Implementing L-Attributed SDD\'s
Introduction: Since many translation applications can be addressed using L-attributed definitions, we shall consider their implementation in more detail in this section.
The following methods do translation by traversing a parse tree:
1. Build the parse tree and annotate. This method works for any noncircular SDD whatsoever. We introduced annotated parse trees in Section 5.1.2.
2. Build the parse tree, add actions, and execute the actions in preorder. This approach works for any L-attributed definition. We discussed how to turn an L-attributed SDD into an SDT in Section 5.4.5; in particular, we discussed how to embed actions into productions based on the semantic rules of such an SDD.

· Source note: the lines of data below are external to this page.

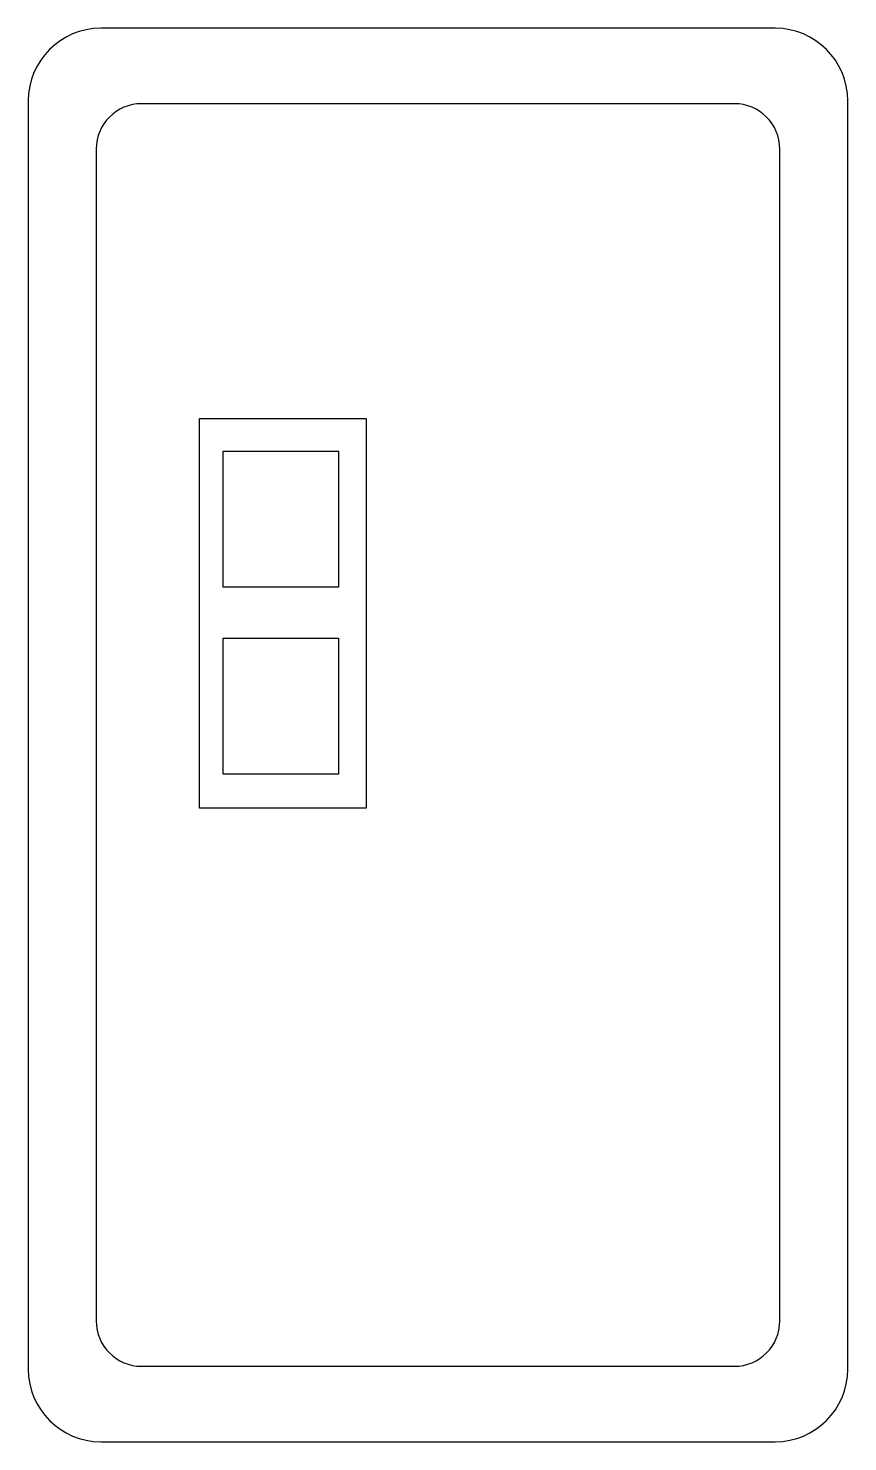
# Model space of a CAD drawing. Header units: inches. Extents: x -1 to 180, y -312 to 0.
import ezdxf

# ---------------------------------------------------------------- set-up
doc = ezdxf.new("R2010")
doc.units = ezdxf.units.IN
doc.header["$MEASUREMENT"] = 0
doc.layers.add('Layer 1', color=7, linetype='Continuous')

msp = doc.modelspace()

# ---------------------------------------------------------------- linework, layer by layer
at = {"layer": 'Layer 1', "color": 7, "lineweight": 30}
for points in [[(73.56, -172.15), (36.75, -172.15), (36.75, -86.15), (73.56, -86.15), (73.56, -172.15)], [(67.45, -123.34), (41.99, -123.34), (41.99, -93.34), (67.45, -93.34), (67.45, -123.34)], [(67.45, -164.61), (41.99, -164.61), (41.99, -134.61), (67.45, -134.61), (67.45, -164.61)]]:
    msp.add_lwpolyline(points, dxfattribs=at)
for points in [[(179.96, -296), (179.96, -304.8), (172.76, -312), (163.96, -312), (163.96, -312), (14.96, -312), (14.96, -312), (6.16, -312), (-1.04, -304.8), (-1.04, -296), (-1.04, -296), (-1.04, -16), (-1.04, -16), (-1.04, -7.2), (6.16, 0), (14.96, 0), (14.96, 0), (163.96, 0), (163.96, 0), (172.76, 0), (179.96, -7.2), (179.96, -16), (179.96, -16), (179.96, -296), (179.96, -296)], [(164.96, -285.35), (164.96, -290.85), (160.46, -295.35), (154.96, -295.35), (154.96, -295.35), (23.96, -295.35), (23.96, -295.35), (18.46, -295.35), (13.96, -290.85), (13.96, -285.35), (13.96, -285.35), (13.96, -26.65), (13.96, -26.65), (13.96, -21.15), (18.46, -16.65), (23.96, -16.65), (23.96, -16.65), (154.96, -16.65), (154.96, -16.65), (160.46, -16.65), (164.96, -21.15), (164.96, -26.65), (164.96, -26.65), (164.96, -285.35), (164.96, -285.35)]]:
    msp.add_open_spline(points, degree=3, knots=[0, 0, 0, 0, 1, 1, 1, 2, 2, 2, 3, 3, 3, 4, 4, 4, 5, 5, 5, 6, 6, 6, 7, 7, 7, 8, 8, 8, 8], dxfattribs=at)

doc.saveas('drawing.dxf')

In this section, we discuss the following methods for translation during parsing:
3. Use a recursive-descent parser with one function for each nonterminal. The function for nonterminal A receives the inherited attributes of A as arguments and returns the synthesized attributes of A.
4. Generate code on the fly, using a recursive-descent parser.
5. Implement an SDT in conjunction with an LL-parser. The attributes are kept on the parsing stack, and the rules fetch the needed attributes from known locations on the stack.
6. Implement an SDT in conjunction with an LR-parser. This method may be surprising, since the SDT for an L-attributed SDD typically has actions in the middle of productions, and we cannot be sure during an LR parse that we are even in that production until its entire body has been constructed. We shall see, however, that if the underlying grammar is LL, we can always handle both the parsing and translation bottom-up.
Translation during Recursive-Descent Parsing:
A recursive-descent parser has a function A for each nonterminal A, as discussed in Section 4.4.1. We can extend the parser into a translator as follows:
a) The arguments of function A are the inherited attributes of nonterminal A.
b) The return-value of function A is the collection of synthesized attributes of nonterminal A.
In the body of function A, we need to both parse and handle attributes:
1. Decide upon the production used to expand A.
2. Check that each terminal appears on the input when it is required. We shall assume that no backtracking is needed, but the extension to recursive- descent parsing with backtracking can be done by restoring the input position upon failure, as discussed in Section 4.4.1.
3. Preserve, in local variables, the values of all attributes needed to compute inherited attributes for nonterminals in the body or synthesized attributes for the head nonterminal.
4. Call functions corresponding to nonterminals in the body of the selected production, providing them with the proper arguments. Since the underlying SDD is L-attributed, we have already computed these attributes and stored them in local variables.